The second stage starts from the lighter ASP.NET Core 9 runtime image. This one doesn’t include build tools — only what’s necessary to run the app. We set a couple of environment variables so the app listens on port 8080 (which is what App Runner expects) and disables the diagnostics pipe for security. We also set the environment to Production so the app runs with optimized settings. The published output from the first stage gets copied into /app, which becomes the working directory for the container.

For security, the container doesn’t run as root. Instead, a dedicated non-root user (appuser) is created and the process is switched to that account. This is a basic best practice that keeps the container more secure by default. Finally, port 8080 is exposed, and the entrypoint is set to the compiled binary (./HelloWorld), which is the executable produced by dotnet publish.

The end result is a compact image that has everything needed to run your ASP.NET Core API and nothing more — no SDK, no extra tools, and no root privileges. This makes it faster to start up, smaller to ship to AWS, and safer to run in production.

Optionally, you can also add a .dockerignore file to save the size and build time.

**/bin
**/obj
**/.vs
**/.vscode
**/*.user
**/*.suo
**/*.swp
.git
.gitignore
README*
*.md

Now that everything is setup, let’s try to build the image locally, and also run it!

At the root of the repository, run the following command.

Terminal window
docker buildx build --platform linux/amd64 -t helloworld:local .

Docker Build

Once the build process is completed, let’s spin up a Docker container using this image. Run this command,

Terminal window
docker run --rm -p 8080:8080 helloworld:local

Once that’s up and running, you can navigate to

http://localhost:8080/
http://localhost:8080/health

You should be able to see the expected results on your browser!

ECR Setup & Image Lifecycle

We’ll keep this dead simple: one ECR repository, one mutable tag (latest), and a basic retention policy so your registry doesn’t bloat. No fancy versioning—out of scope for this article.
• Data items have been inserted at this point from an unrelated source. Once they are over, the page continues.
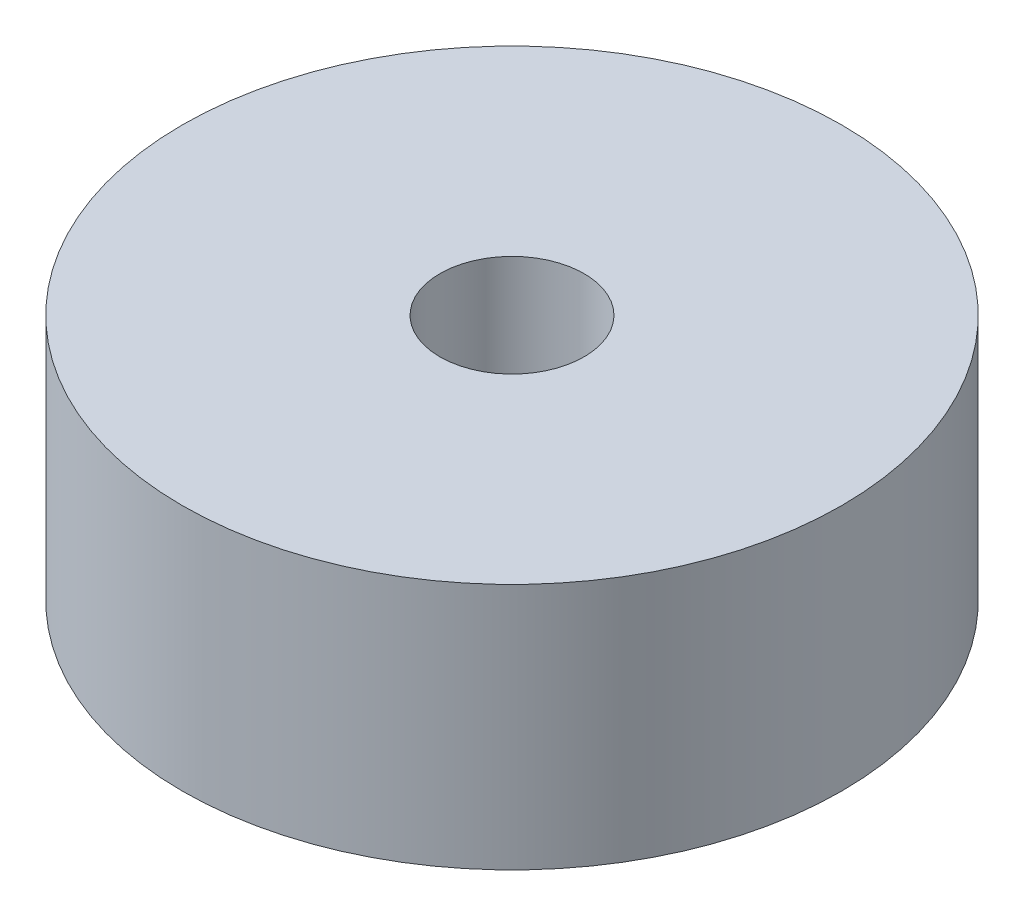
SolidWorks part; units mm, degrees
ref_plane "Front Plane" through (0, 0, 0) normal (0, 0, 1) x (1, 0, 0)
ref_plane "Top Plane" through (0, 0, 0) normal (0, 1, 0) x (1, 0, 0)
ref_plane "Right Plane" through (0, 0, 0) normal (1, 0, 0) x (0, 0, -1)
sketch "Sketch1" plane through (0, 0, 0) normal (0, 1, 0) x (1, 0, 0)
  circle A0 centre (0, 0) radius 4
  dimension "D1" = 8
extrude "Boss-Extrude1" add sketch "Sketch1" along normal blind 3 contours A0
sketch "Sketch2" plane through (0, 3, 0) normal (0, 1, 0) x (1, 0, 0)
  circle A0 centre (0, 0) radius 0.875
  dimension "D1" = 1.75
extrude "Cut-Extrude1" cut sketch "Sketch2" against normal through all
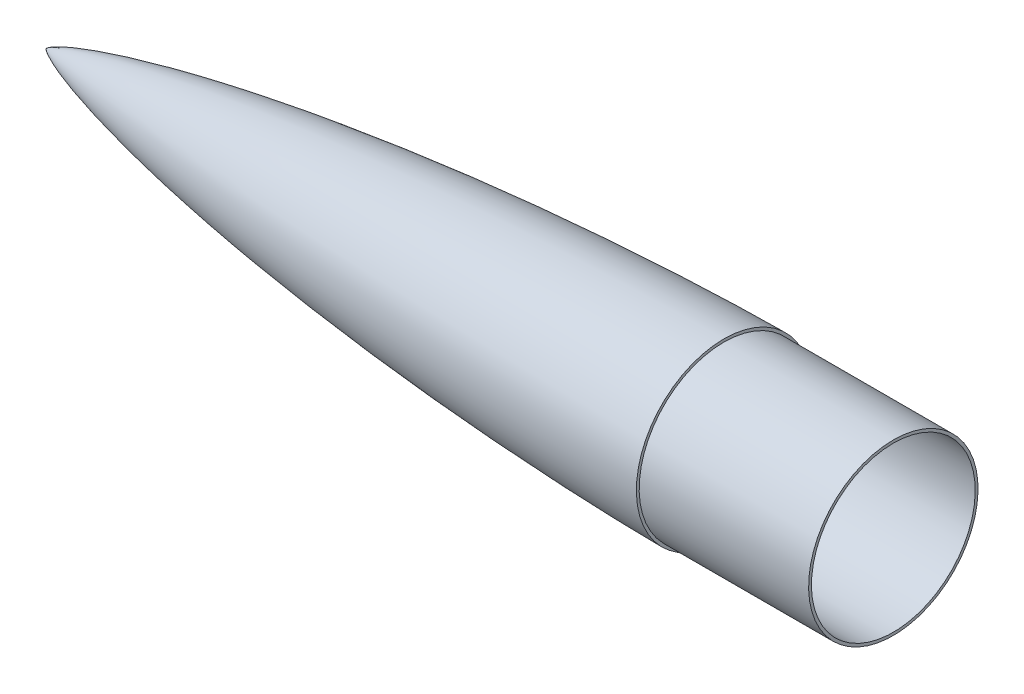
SolidWorks part; units mm, degrees
material "Hexcel AS4C (3000 Filaments)"
ref_plane "Plan de face"
ref_plane "Plan de dessus" through (0, 0, 0) normal (0, 1, 0) x (1, 0, 0)
ref_plane "Plan de droite" through (0, 0, 0) normal (1, 0, 0) x (0, 0, -1)
sketch "Esquisse1" plane through (0, 0, 0) normal (0, 0, 1) x (1, 0, 0)
  line L0 (2700, 0) -> (2700, 77.47) construction
  line L1 (2700, 77.47) -> (600, 77.47) construction
  line L2 (2700, 0) -> (0, 0) construction
  line L3 (600, 77.47) -> (600, 0)
  line L4 (1650, 77.47) -> (1650, 0) construction
  line L5 (600, 77.47) -> (600, 0) construction
  line L8 (0, 0) -> (600, 0)
  spline S0 degree 4 poles (0, 0) (0.0014, 0.0067) (0.0048, 0.0199) (0.0149, 0.0453) (0.0401, 0.0938) (0.0807, 0.157) (0.1383, 0.2334) (0.2203, 0.33) (0.3192, 0.4351) (0.4349, 0.5479) (0.5674, 0.6679) (0.7714, 0.8421) (1.1052, 1.1052) (1.6952, 1.526) (2.7478, 2.1929) (4.5887, 3.222) (7.8542, 4.817) (13.5227, 7.2186) (23.0835, 10.7182) (38.7362, 15.6536) (62.1009, 21.9639) (92.1582, 28.9163) (127.2376, 35.933) (164.7304, 42.4831) (202.346, 48.2813) (240.0557, 53.429) (277.8398, 57.9952) (315.6844, 62.0289) (353.5783, 65.5666) (391.513, 68.6356) (429.4812, 71.2564) (467.4769, 73.4429) (500.7425, 74.9827) (529.2668, 76.0339) (552.967, 76.7206) (569.499, 77.0956) (583.6166, 77.3332) (592.9784, 77.4344) (597.6594, 77.4658) (600, 77.47) knots 0 0 0 0 0 0.000045 0.00009 0.00018 0.000359 0.000539 0.000718 0.001013 0.001308 0.001601 0.001895 0.002778 0.004104 0.006368 0.010089 0.016647 0.028004 0.046856 0.077052 0.124599 0.187199 0.249799 0.312399 0.374999 0.4376 0.5002 0.5628 0.6254 0.688 0.7506 0.813201 0.875801 0.907101 0.938401 0.9692 0.9846 1 1 1 1 1 construction
  spline S1 degree 4 poles (0, 0) (0.0014, 0.0067) (0.0048, 0.0199) (0.0149, 0.0453) (0.0401, 0.0938) (0.0807, 0.157) (0.1383, 0.2334) (0.2203, 0.33) (0.3192, 0.4351) (0.4349, 0.5479) (0.5674, 0.6679) (0.7714, 0.8421) (1.1052, 1.1052) (1.6952, 1.526) (2.7478, 2.1929) (4.5887, 3.222) (7.8542, 4.817) (13.5227, 7.2186) (23.0835, 10.7182) (38.7362, 15.6536) (62.1009, 21.9639) (92.1582, 28.9163) (127.2376, 35.933) (164.7304, 42.4831) (202.346, 48.2813) (240.0557, 53.429) (277.8398, 57.9952) (315.6844, 62.0289) (353.5783, 65.5666) (391.513, 68.6356) (429.4812, 71.2564) (467.4769, 73.4429) (500.7425, 74.9827) (529.2668, 76.0339) (552.967, 76.7206) (569.499, 77.0956) (583.6166, 77.3332) (592.9784, 77.4344) (597.6594, 77.4658) (600, 77.47) knots 0 0 0 0 0 0.000045 0.00009 0.00018 0.000359 0.000539 0.000718 0.001013 0.001308 0.001601 0.001895 0.002778 0.004104 0.006368 0.010089 0.016647 0.028004 0.046856 0.077052 0.124599 0.187199 0.249799 0.312399 0.374999 0.4376 0.5002 0.5628 0.6254 0.688 0.7506 0.813201 0.875801 0.907101 0.938401 0.9692 0.9846 1 1 1 1 1
  point P4 (650, 111.3633)
  point P6 (0, 0)
  point P8 (0, 0)
  point P9 (0, 0)
  dimension "Ltot" = 2700
  dimension "R" = 77.47
  dimension "Ln" = 600
revolve "Révolution2" add sketch "Esquisse1" angle 360 about L2
sketch "Esquisse2" plane through (600, 0, 0) normal (1, 0, 0) x (0, 0, -1)
  circle A0 centre (0, 0) radius 75
  circle A1 centre (0, 0) radius 72.5
  dimension "D1" = 150
  dimension "D2" = 145
extrude "Boss.-Extru.1" add sketch "Esquisse2" along normal blind 150

Let’s create an ECR repository to store the container image App Runner will pull.

Login to AWS Console, Navigate to Amazon ECR -> Create New Repository.

Docker Build

Once the repository is created, let’s try to push the image from our local to ECR by running the following command,

aws ecr get-login-password --region <aws_region> | docker login --username AWS --password-stdin <your_aws_account_number>.dkr.ecr.<aws_region>.amazonaws.com
docker buildx build --platform linux/amd64 -t <your_aws_account_number>.dkr.ecr.<aws_region>.amazonaws.com/demo/helloworld:latest .
docker push <your_aws_account_number>.dkr.ecr.<aws_region>.amazonaws.com/demo/helloworld:latest

The above command would first asks AWS for a short-lived ECR password using your current credentials. That password is then piped directly into docker login, which tells Docker to authenticate against your AWS ECR registry so you can push and pull images. Ensure that your system is authenticated to work with AWS.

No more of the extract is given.